### WORK TO COMPLETE
In the data that follows, find the line with "Material: Rubber"; transcribe it, every later line up to the one with "line L2 (16.1709, 113.7164)", and that line as well, exactly and with no others.

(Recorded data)
━━━━━━━━━━━━━━━━━━━━━━━━━━━━━━
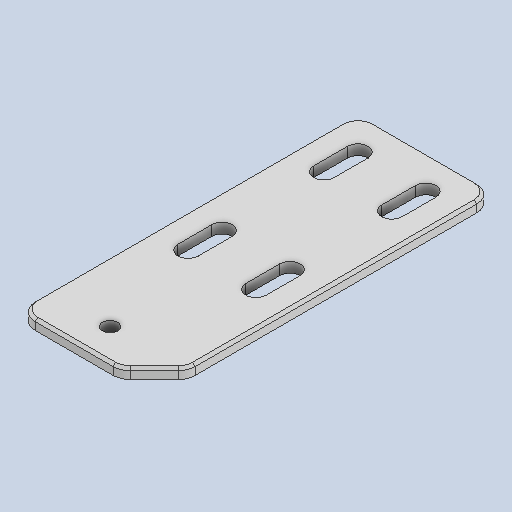
# Autodesk Inventor part: Middle
Saved by Autodesk Inventor 2022 (Build 260153000, 153)
## iProperties
Created: 2021-02-16
Part Number: Middle
Material: Generic
Document SubType Name: Modeling
Designer: Viktor
Density: 1 g/cm^3
Appearance: Default
Author: Viktor
Autodesk Inventor part; units mm, degrees
ref_plane "YZ Plane" through (0, 0, 0) normal (1, 0, 0) x (0, 1, 0)
ref_plane "XZ Plane" through (0, 0, 0) normal (0, 1, 0) x (-1, 0, 0)
ref_plane "XY Plane" through (0, 0, 0) normal (0, 0, 1) x (1, 0, 0)
sketch "Sketch1" plane through (0, 0, 0) normal (0, 1, 0) x (-1, 0, 0)
  line L0 (-20, 50) -> (20, 50)
  line L1 (20, 50) -> (20, -50)
  line L2 (20, -50) -> (-20, -50)
  line L3 (-20, -50) -> (-20, 50)
  line L4 (-20, 50) -> (20, -50) construction
  line L5 (20, 50) -> (-20, -50) construction
  point P0 (0, 0)
  dimension "d0" = 100
  dimension "d1" = 40
  constraints: 12 end point, 2 midpoint, 2 parallel, 1 horizontal, 1 perpendicular
  measures "d0" distance of L0.end L1.end
  measures "d1" distance of L1.end L2.end
extrude "Extrusion1" add sketch "Sketch1" along normal blind 3
sketch "Sketch2" plane through (0, 3, 0) normal (0, 1, 0) x (1, 0, 0)
  line L0 (-10, -10) -> (-10, 0) construction
  line L1 (-7, -10) -> (-7, 0)
  line L2 (-13, 0) -> (-13, -10)
  arc A0 (-13, -10) -> (-7, -10) centre (-10, -10) ccw
  arc A1 (-7, 0) -> (-13, 0) centre (-10, 0) ccw
  line L3 (-32, 15) -> (32, 15) construction
  line L4 (20, 50) -> (-20, 50) projected
  line L5 (0, 82) -> (0, -72) projected
  line L6 (-10, 40) -> (-10, 30) construction
  line L7 (-7, 40) -> (-7, 30)
  line L8 (-13, 30) -> (-13, 40)
  arc A2 (-7, 40) -> (-13, 40) centre (-10, 40) ccw
  arc A3 (-13, 30) -> (-7, 30) centre (-10, 30) ccw
  line L9 (10, -10) -> (10, 0) construction
  line L10 (7, -10) -> (7, 0)
  line L11 (13, 0) -> (13, -10)
  arc A4 (7, -10) -> (13, -10) centre (10, -10) ccw
  arc A5 (13, 0) -> (7, 0) centre (10, 0) ccw
  line L12 (10, 40) -> (10, 30) construction
  line L13 (7, 40) -> (7, 30)
  line L14 (13, 30) -> (13, 40)
  arc A6 (13, 40) -> (7, 40) centre (10, 40) ccw
  arc A7 (7, 30) -> (13, 30) centre (10, 30) ccw
  point P0 (0, 0)
  point P1 (-10, -5)
  point P2 (-10, 35)
  point P3 (10, -5)
  point P4 (10, 35)
  dimension "d4" = 3
  dimension "d5" = 10
  dimension "d6" = 20
  dimension "d7" = 35
  dimension "d8" = 10
  dimension "d24" = 40
  constraints: 34 end point, 21 symmetric about line, 16 point on circle, 8 centre point, 4 tangent, 1 horizontal, 1 midpoint, 1 parallel, 1 vertical, 6 other
  measures "d4" radius of A1
  measures "d5" distance of L2.start L2.end
  measures "d6" distance from line of L3 point (-10, -5)
  measures "d7" distance between parallel lines of L4 L3
  measures "d8" distance from line of L5 point (-10, -5)
  measures "d24" distance of point (-10, 35) point (-10, -5)
sketch "Sketch3" plane through (0, 3, 0) normal (0, 1, 0) x (1, 0, 0)
  circle A0 centre (-2, -41) radius 2.25
  line L0 (-20, -50) -> (20, -50) projected
  line L1 (20, -50) -> (20, 50) projected
  line L2 (-20, 50) -> (-20, -50) projected
  point P0 (0, 0)
  dimension "d9" = 4.5
  dimension "d10" = 9
  dimension "d16" = 18
  constraints: 1 centre point
  measures "d9" diameter of A0
  measures "d10" distance from line of L0 A0.centre
  measures "d16" distance from line of L2 A0.centre
extrude "Extrusion2" cut sketch "Sketch3" against normal blind 3
extrude "Extrusion3" cut sketch "Sketch2" against normal blind 3
chamfer "Chamfer3" distance 10 angle 45 1 edges at (20, 1.5, 50)
fillet "Fillet2" radius 5 5 edges at (20, 1.5, 40) (10, 1.5, 50) (20, 1.5, -50) (-20, 1.5, -50) (-20, 1.5, 50)
chamfer "Chamfer4" distance 0.75 angle 45 10 edges at (20, 3, -3.5355) (18.5355, 3, -48.5355) (0, 3, -50) (-18.5355, 3, -48.5355) (-20, 3, 0) (-18.5355, 3, 48.5355) (-3.5355, 3, 50) (9.8423, 3, 49.6194) (15, 3, 45) (19.6194, 3, 39.8423)
body "Solid1"
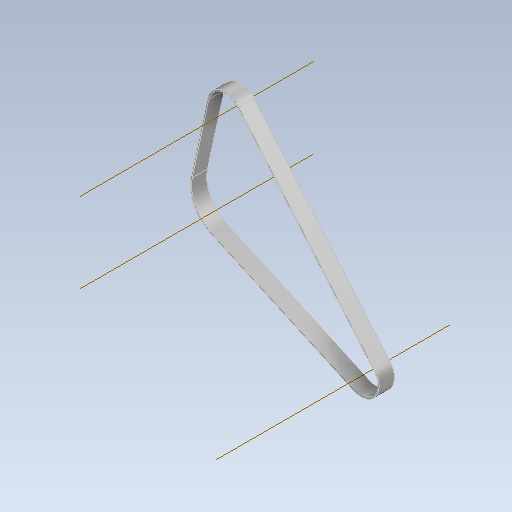
# Autodesk Inventor part: Зубчатый ремень
Saved by Autodesk Inventor 2021 (Build 250183000, 183)
## iProperties
Created: 2021-06-15
Part Number: Зубчатый ремень
Material: Rubber
Document SubType Name: Modeling
Designer: panda
Density: 1 g/cm^3
Appearance: Rubber - Black - Version 1.1
CustomPartVersion: 1
Author: panda
Autodesk Inventor part; units mm, degrees
sketch "Эскизная траектория" plane through (0, 0, 0) normal (0, 0, 1) x (1, 0, 0)
  arc A0 (-41.4791, 9.0112) -> (-17.4646, -38.6872) centre (0, 0) ccw
  arc A1 (16.1709, 113.7164) -> (-20.7395, 104.4767) centre (0, 99.9711) ccw
  arc A2 (161.2677, -119.3725) -> (186.1709, -86.2836) centre (170, -100.0289) ccw
  line L0 (161.2677, -119.3725) -> (-17.4646, -38.6872)
  line L1 (-41.4791, 9.0112) -> (-20.7395, 104.4767)
  line L2 (16.1709, 113.7164) -> (186.1709, -86.2836)
  constraints: 6 end point, 6 point on circle, 3 centre point
ref_plane "Плоскость сечения" through (-17.4646, -38.6872, 0) normal (0.9114, -0.4114, 0) x (0, 0, 1)
ref_plane "РабПлоскость2" through (0, 0, 0) normal (-1, 0, 0) x (0, 0, 1)
ref_plane "РабПлоскость3" through (0, 99.9711, 0) normal (-0.5384, -0.8427, 0) x (0, 0, 1)
ref_plane "РабПлоскость4" through (170, -100.0289, 0) normal (-0.5475, 0.8368, 0) x (0, 0, 1)
sketch "Сечение" plane through (-17.4646, -38.6872, 0) normal (0.9114, -0.4114, 0) x (0, 0, 1)
  line L0 (-9.525, 1.27) -> (9.525, 1.27)
  line L1 (9.525, 1.27) -> (9.525, -0.381)
  line L2 (9.525, -0.381) -> (-9.525, -0.381)
  line L3 (-9.525, -0.381) -> (-9.525, 1.27)
  line L4 (-9.525, 0) -> (9.525, 0) construction
  point P0 (0, 0)
  point P1 (0, 0)
  dimension "d0" = 19.05
  dimension "d4" = 0.381
  dimension "d5" = 1.27
  constraints: 10 end point, 2 parallel, 2 point on line, 1 coincident, 1 horizontal, 1 midpoint, 1 perpendicular, 1 other
  measures "d0" distance between parallel lines of L1 L3
  measures "d4" distance between parallel lines of L2 L4
  measures "d5" distance between parallel lines of L4 L0
sweep "Ремень" add profiles "Сечение" path "Эскизная траектория"
equation "\"d0\" = da_B"
equation "\"d4\" = da_a"
equation "\"d5\" = da_a2"
equation "\"da_B\" = 19.05"
equation "\"da_pb\" = 9.525"
equation "\"da_L\" = 718.50884"
equation "\"da_a\" = 0.381"
equation "\"da_S\" = 4.6482"
equation "\"da_Beta\" = 20deg"
equation "\"da_Ht\" = 1.905"
equation "\"da_H\" = 3.556"
equation "\"da_a2\" = 1.27"
body "Solid1"
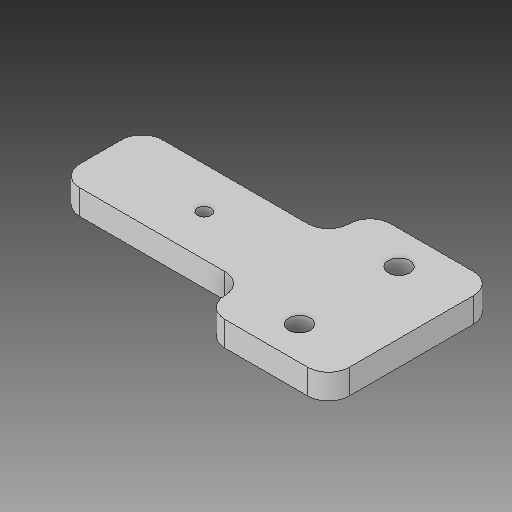
# Autodesk Inventor part: LCD-Plate
Saved by Autodesk Inventor 2018 (Build 220112000, 112)
## iProperties
Created: 2016-07-27
Part Number: LCD-Plate
Material: Generic
Document SubType Name: Modeling
Designer: User
Density: 1 g/cm^3
Appearance: Default
Author: User
Autodesk Inventor part; units mm, degrees
ref_plane "YZ Plane" through (0, 0, 0) normal (1, 0, 0) x (0, 1, 0)
ref_plane "XZ Plane" through (0, 0, 0) normal (0, 1, 0) x (-1, 0, 0)
ref_plane "XY Plane" through (0, 0, 0) normal (0, 0, 1) x (1, 0, 0)
sketch "Sketch1" plane through (0, 0, 0) normal (0, 1, 0) x (-1, 0, 0)
  line L0 (32.7591, 186.1581) -> (67.7591, 186.1581)
  arc A0 (72.7591, 181.1581) -> (67.7591, 186.1581) centre (67.7591, 181.1581) ccw
  line L1 (72.7591, 181.1581) -> (72.7591, 171.1581)
  arc A1 (67.7591, 166.1581) -> (72.7591, 171.1581) centre (67.7591, 171.1581) ccw
  line L2 (67.7591, 166.1581) -> (32.7591, 166.1581)
  arc A2 (32.7591, 166.1581) -> (27.7591, 161.1581) centre (32.7591, 161.1581) ccw
  arc A3 (22.7591, 156.1581) -> (27.7591, 161.1581) centre (22.7591, 161.1581) ccw
  line L3 (22.7591, 156.1581) -> (2.7591, 156.1581)
  arc A4 (-2.2409, 161.1581) -> (2.7591, 156.1581) centre (2.7591, 161.1581) ccw
  line L4 (-2.2409, 161.1581) -> (-2.2409, 191.1581)
  arc A5 (2.7591, 196.1581) -> (-2.2409, 191.1581) centre (2.7591, 191.1581) ccw
  line L5 (2.7591, 196.1581) -> (22.7591, 196.1581)
  arc A6 (27.7591, 191.1581) -> (22.7591, 196.1581) centre (22.7591, 191.1581) ccw
  arc A7 (27.7591, 191.1581) -> (32.7591, 186.1581) centre (32.7591, 191.1581) ccw
  circle A8 centre (12.7591, 188.1581) radius 2.6
  circle A9 centre (12.7591, 164.1581) radius 2.6
  circle A10 centre (47.7591, 176.1581) radius 1.6
  point P0 (0, 0)
  constraints: 17 tangent, 16 point on circle, 12 end point, 11 centre point, 8 equal radius, 3 parallel, 2 perpendicular
extrude "Extrusion1" add sketch "Sketch1" along normal blind 6
body "Solid1"
━━━━━━━━━━━━━━━━━━━━━━━━━━━━━━
### EXERCISE OUTPUT
Material: Rubber
Document SubType Name: Modeling
Designer: panda
Density: 1 g/cm^3
Appearance: Rubber - Black - Version 1.1
CustomPartVersion: 1
Author: panda
Autodesk Inventor part; units mm, degrees
sketch "Эскизная траектория" plane through (0, 0, 0) normal (0, 0, 1) x (1, 0, 0)
  arc A0 (-41.4791, 9.0112) -> (-17.4646, -38.6872) centre (0, 0) ccw
  arc A1 (16.1709, 113.7164) -> (-20.7395, 104.4767) centre (0, 99.9711) ccw
  arc A2 (161.2677, -119.3725) -> (186.1709, -86.2836) centre (170, -100.0289) ccw
  line L0 (161.2677, -119.3725) -> (-17.4646, -38.6872)
  line L1 (-41.4791, 9.0112) -> (-20.7395, 104.4767)
  line L2 (16.1709, 113.7164) -> (186.1709, -86.2836)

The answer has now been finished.